# EXERCISE OBJECTIVE
In the data below, the answer is the run of lines from the line containing "#4229 = DIRECTION" through the line containing "#17633 = CARTESIAN_POINT", both included; print it exactly and nothing else.

Dataset entries:
⟨
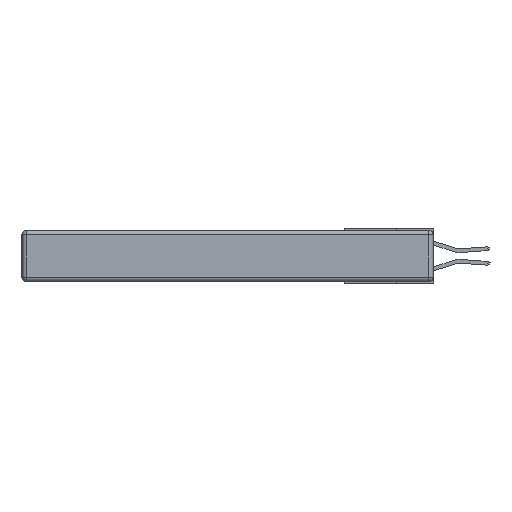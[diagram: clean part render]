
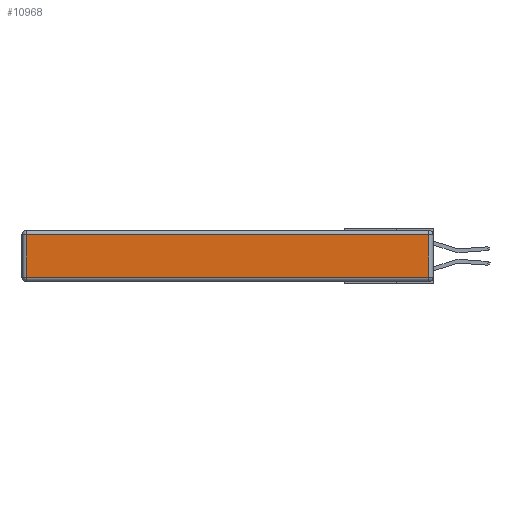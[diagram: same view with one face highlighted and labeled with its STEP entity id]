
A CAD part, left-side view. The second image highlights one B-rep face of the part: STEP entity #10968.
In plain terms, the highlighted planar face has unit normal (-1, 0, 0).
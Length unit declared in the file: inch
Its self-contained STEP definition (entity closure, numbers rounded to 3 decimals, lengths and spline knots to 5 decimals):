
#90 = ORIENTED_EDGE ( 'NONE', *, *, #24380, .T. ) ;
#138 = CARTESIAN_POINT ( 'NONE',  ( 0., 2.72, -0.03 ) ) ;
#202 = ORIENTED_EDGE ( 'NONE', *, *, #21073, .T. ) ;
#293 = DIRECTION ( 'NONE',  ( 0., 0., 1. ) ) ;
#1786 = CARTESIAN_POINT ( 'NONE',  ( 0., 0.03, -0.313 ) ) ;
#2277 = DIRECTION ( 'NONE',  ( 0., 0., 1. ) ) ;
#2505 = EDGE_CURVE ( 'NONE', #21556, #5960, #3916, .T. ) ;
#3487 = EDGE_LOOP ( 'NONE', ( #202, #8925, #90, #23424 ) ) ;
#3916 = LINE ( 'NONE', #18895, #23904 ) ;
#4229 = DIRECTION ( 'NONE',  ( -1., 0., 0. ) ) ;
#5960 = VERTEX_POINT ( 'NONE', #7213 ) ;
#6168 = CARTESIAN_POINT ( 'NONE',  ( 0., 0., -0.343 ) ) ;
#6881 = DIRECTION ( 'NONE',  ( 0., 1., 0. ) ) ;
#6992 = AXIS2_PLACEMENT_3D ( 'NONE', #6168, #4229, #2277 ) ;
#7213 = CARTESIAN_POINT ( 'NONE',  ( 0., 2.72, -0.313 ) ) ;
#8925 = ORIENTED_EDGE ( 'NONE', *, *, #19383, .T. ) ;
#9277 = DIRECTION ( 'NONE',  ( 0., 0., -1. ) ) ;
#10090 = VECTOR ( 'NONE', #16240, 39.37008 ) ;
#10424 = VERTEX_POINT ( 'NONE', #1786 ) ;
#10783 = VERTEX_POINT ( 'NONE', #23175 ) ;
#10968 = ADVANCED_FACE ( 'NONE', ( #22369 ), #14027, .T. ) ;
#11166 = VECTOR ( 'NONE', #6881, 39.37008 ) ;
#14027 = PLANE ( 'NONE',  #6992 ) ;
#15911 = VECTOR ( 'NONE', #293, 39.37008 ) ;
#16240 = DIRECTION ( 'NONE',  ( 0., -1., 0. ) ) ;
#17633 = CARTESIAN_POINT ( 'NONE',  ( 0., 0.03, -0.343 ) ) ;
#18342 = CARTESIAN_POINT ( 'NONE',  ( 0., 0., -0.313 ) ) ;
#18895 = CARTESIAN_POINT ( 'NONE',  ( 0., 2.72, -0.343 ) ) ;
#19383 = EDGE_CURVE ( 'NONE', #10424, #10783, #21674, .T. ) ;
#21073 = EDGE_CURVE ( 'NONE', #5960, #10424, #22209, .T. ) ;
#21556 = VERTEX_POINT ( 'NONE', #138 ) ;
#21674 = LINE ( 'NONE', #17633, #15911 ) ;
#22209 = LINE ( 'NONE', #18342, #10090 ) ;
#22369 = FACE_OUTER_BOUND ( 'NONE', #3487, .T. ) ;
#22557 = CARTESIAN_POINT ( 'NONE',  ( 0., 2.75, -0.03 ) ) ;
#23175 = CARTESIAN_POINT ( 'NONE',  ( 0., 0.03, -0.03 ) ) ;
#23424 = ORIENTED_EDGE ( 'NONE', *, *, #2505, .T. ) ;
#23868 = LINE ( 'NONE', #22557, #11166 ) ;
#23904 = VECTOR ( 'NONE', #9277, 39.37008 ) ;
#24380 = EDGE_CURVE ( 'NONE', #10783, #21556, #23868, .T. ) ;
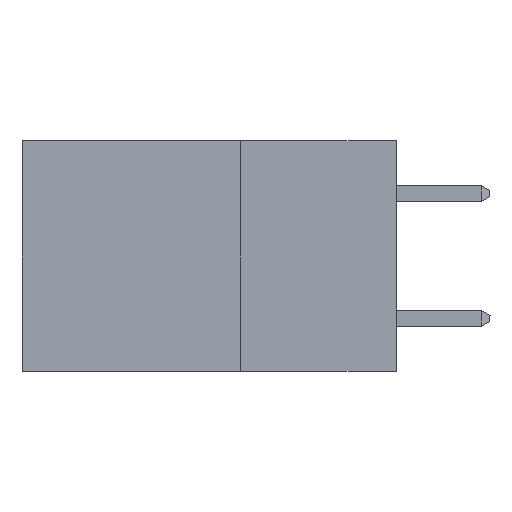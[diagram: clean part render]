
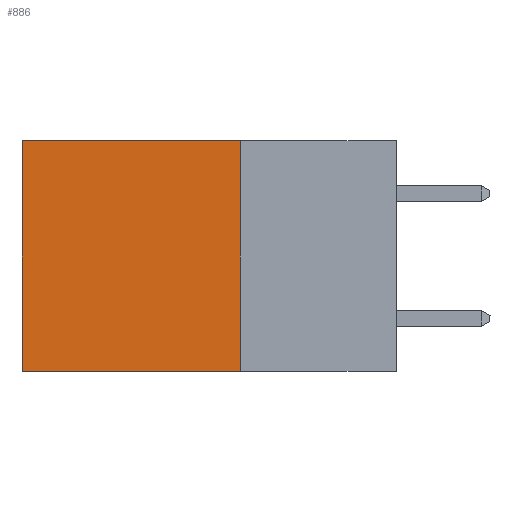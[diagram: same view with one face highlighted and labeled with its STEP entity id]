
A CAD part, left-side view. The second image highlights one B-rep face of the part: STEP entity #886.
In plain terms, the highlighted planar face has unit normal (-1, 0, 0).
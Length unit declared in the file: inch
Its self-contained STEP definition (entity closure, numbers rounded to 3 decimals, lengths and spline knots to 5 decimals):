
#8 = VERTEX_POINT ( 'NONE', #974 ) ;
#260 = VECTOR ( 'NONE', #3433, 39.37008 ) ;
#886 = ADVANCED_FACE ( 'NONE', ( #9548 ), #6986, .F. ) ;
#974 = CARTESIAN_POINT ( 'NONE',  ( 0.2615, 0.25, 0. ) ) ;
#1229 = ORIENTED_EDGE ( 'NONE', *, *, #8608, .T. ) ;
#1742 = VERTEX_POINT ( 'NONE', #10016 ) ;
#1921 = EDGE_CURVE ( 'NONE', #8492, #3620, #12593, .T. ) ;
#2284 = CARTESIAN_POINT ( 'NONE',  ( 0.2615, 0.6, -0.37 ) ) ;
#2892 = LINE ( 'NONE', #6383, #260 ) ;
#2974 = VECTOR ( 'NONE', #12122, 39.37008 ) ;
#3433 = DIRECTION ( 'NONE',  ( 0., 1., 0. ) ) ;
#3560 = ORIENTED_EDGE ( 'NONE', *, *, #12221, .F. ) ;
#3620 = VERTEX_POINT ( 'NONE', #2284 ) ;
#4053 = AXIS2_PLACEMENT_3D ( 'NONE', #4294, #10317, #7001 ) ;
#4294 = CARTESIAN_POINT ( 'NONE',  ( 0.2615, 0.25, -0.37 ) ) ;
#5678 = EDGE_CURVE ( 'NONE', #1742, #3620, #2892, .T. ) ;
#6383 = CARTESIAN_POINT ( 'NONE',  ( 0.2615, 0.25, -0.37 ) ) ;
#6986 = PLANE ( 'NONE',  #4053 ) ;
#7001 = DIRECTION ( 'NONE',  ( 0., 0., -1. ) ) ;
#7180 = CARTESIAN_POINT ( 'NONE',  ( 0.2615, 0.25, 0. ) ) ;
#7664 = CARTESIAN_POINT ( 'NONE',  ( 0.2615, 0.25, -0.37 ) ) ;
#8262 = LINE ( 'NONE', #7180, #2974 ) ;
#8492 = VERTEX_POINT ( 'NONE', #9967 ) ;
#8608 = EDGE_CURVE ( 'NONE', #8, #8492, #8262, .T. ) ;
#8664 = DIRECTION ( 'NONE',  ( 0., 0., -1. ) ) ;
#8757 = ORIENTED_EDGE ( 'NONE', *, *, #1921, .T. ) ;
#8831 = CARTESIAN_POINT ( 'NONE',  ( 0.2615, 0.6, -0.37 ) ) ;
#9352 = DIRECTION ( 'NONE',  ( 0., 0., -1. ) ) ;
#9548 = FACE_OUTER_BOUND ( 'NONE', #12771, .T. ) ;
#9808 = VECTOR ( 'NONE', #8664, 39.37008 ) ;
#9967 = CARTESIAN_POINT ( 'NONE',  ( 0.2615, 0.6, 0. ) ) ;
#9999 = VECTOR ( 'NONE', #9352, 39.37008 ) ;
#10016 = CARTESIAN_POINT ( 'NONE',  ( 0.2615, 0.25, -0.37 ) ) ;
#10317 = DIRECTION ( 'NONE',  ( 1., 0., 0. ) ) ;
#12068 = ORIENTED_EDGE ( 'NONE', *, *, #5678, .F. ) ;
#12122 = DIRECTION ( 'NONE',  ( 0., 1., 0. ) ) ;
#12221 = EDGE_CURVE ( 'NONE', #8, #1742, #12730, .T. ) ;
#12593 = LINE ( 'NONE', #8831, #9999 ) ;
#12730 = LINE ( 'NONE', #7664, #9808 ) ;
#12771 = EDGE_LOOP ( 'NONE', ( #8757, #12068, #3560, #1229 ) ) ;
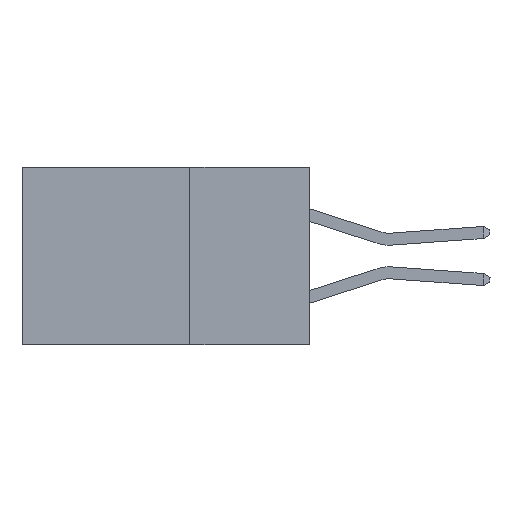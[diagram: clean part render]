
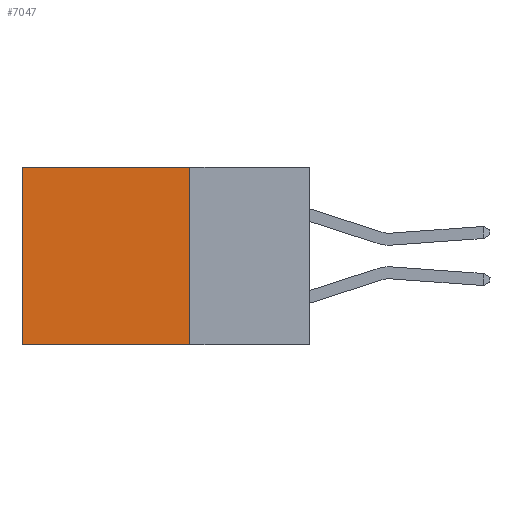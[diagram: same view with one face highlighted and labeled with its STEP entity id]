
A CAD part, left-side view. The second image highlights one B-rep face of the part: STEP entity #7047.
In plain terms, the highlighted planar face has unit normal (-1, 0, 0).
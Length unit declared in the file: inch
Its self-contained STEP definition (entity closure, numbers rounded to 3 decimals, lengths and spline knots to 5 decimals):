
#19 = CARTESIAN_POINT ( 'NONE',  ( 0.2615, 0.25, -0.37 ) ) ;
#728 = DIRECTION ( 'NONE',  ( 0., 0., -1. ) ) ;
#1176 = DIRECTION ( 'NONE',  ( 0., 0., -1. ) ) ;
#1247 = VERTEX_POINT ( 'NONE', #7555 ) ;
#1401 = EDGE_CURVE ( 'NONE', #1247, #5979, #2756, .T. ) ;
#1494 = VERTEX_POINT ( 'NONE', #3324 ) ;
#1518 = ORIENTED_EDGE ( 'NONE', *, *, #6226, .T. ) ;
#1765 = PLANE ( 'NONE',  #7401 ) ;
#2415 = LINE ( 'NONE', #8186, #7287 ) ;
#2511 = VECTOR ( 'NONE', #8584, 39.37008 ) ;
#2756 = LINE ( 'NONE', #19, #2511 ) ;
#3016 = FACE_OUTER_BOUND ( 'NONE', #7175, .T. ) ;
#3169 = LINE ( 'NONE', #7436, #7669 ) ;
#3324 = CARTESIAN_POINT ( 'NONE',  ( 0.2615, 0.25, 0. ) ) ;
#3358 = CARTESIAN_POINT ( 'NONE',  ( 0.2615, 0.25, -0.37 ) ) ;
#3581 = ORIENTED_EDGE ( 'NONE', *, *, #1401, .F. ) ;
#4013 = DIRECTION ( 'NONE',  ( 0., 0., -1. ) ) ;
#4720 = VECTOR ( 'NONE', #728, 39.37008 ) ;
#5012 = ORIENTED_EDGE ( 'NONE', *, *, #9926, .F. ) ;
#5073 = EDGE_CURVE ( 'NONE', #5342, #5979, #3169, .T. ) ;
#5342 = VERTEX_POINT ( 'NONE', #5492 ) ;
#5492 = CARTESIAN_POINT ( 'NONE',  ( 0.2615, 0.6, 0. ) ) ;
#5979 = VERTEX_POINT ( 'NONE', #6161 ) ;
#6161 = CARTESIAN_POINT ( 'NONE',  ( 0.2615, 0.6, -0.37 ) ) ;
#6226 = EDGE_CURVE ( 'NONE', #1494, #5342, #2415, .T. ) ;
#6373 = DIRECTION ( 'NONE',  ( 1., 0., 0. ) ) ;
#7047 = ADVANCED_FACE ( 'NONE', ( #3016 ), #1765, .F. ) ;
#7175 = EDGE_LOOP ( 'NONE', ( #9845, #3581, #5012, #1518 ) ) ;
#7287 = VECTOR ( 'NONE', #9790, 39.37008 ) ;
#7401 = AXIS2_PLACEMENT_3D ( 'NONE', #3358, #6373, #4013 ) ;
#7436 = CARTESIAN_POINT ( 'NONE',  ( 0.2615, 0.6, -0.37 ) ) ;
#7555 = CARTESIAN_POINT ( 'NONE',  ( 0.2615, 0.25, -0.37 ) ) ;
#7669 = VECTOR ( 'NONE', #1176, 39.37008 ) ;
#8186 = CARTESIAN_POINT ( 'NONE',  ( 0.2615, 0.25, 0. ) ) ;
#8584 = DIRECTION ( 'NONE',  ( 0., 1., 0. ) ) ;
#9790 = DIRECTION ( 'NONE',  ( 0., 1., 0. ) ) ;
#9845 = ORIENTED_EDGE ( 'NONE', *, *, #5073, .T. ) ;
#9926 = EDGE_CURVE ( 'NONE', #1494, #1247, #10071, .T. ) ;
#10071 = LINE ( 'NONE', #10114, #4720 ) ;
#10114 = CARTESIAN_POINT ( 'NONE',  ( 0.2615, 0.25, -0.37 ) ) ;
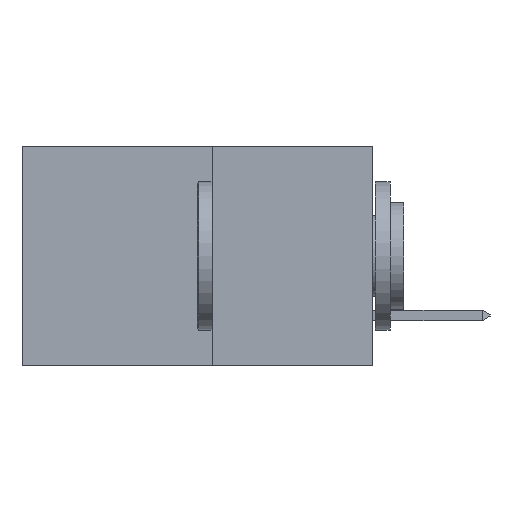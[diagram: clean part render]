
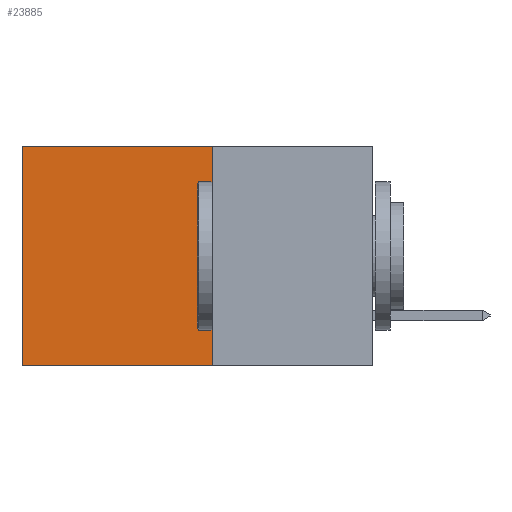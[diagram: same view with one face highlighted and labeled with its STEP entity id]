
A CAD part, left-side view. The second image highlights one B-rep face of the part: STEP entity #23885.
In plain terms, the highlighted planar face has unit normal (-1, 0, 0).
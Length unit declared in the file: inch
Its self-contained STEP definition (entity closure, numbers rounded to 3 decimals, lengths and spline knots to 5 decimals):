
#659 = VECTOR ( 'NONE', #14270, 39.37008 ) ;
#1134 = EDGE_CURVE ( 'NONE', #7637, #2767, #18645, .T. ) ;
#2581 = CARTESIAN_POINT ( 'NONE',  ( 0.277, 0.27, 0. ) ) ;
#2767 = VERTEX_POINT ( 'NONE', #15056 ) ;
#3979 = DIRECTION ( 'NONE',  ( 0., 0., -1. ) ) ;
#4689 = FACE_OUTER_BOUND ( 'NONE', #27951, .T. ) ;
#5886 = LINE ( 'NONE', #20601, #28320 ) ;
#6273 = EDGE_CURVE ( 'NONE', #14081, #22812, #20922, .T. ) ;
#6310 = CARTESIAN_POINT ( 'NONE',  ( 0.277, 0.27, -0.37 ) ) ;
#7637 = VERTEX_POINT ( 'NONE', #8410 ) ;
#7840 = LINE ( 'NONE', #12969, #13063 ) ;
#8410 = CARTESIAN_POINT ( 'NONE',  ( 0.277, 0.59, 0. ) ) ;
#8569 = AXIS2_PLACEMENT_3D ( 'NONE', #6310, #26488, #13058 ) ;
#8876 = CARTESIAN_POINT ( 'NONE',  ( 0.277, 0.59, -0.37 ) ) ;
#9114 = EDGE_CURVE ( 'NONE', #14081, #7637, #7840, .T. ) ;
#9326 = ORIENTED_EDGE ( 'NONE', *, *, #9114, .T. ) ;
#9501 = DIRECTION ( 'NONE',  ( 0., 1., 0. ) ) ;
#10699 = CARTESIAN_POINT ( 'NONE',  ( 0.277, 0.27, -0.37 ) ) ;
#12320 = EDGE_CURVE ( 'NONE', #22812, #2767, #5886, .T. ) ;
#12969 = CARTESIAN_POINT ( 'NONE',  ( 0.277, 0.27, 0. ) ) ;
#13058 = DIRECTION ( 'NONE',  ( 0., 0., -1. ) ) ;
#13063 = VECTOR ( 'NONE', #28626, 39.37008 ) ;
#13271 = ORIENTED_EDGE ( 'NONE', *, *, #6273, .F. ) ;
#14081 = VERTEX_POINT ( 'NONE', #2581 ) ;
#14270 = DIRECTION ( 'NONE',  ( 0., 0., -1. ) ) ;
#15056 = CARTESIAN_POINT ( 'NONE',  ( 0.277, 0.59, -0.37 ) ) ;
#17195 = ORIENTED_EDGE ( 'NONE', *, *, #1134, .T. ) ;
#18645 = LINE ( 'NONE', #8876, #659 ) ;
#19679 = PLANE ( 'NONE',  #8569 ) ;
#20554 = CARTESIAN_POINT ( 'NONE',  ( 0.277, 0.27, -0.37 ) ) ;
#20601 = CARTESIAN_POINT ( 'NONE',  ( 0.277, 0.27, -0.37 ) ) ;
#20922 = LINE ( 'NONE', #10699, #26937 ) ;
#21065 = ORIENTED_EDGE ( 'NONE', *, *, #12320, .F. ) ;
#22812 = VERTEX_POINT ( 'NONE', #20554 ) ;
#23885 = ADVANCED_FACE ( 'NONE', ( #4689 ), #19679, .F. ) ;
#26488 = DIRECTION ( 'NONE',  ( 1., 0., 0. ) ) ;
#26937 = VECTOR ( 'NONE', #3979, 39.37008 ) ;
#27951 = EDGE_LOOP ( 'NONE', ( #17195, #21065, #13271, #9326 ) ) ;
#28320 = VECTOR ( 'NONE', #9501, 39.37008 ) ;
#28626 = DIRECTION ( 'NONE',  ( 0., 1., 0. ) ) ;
⟩
# RESPONSE
#4229 = DIRECTION ( 'NONE',  ( -1., 0., 0. ) ) ;
#5960 = VERTEX_POINT ( 'NONE', #7213 ) ;
#6168 = CARTESIAN_POINT ( 'NONE',  ( 0., 0., -0.343 ) ) ;
#6881 = DIRECTION ( 'NONE',  ( 0., 1., 0. ) ) ;
#6992 = AXIS2_PLACEMENT_3D ( 'NONE', #6168, #4229, #2277 ) ;
#7213 = CARTESIAN_POINT ( 'NONE',  ( 0., 2.72, -0.313 ) ) ;
#8925 = ORIENTED_EDGE ( 'NONE', *, *, #19383, .T. ) ;
#9277 = DIRECTION ( 'NONE',  ( 0., 0., -1. ) ) ;
#10090 = VECTOR ( 'NONE', #16240, 39.37008 ) ;
#10424 = VERTEX_POINT ( 'NONE', #1786 ) ;
#10783 = VERTEX_POINT ( 'NONE', #23175 ) ;
#10968 = ADVANCED_FACE ( 'NONE', ( #22369 ), #14027, .T. ) ;
#11166 = VECTOR ( 'NONE', #6881, 39.37008 ) ;
#14027 = PLANE ( 'NONE',  #6992 ) ;
#15911 = VECTOR ( 'NONE', #293, 39.37008 ) ;
#16240 = DIRECTION ( 'NONE',  ( 0., -1., 0. ) ) ;
#17633 = CARTESIAN_POINT ( 'NONE',  ( 0., 0.03, -0.343 ) ) ;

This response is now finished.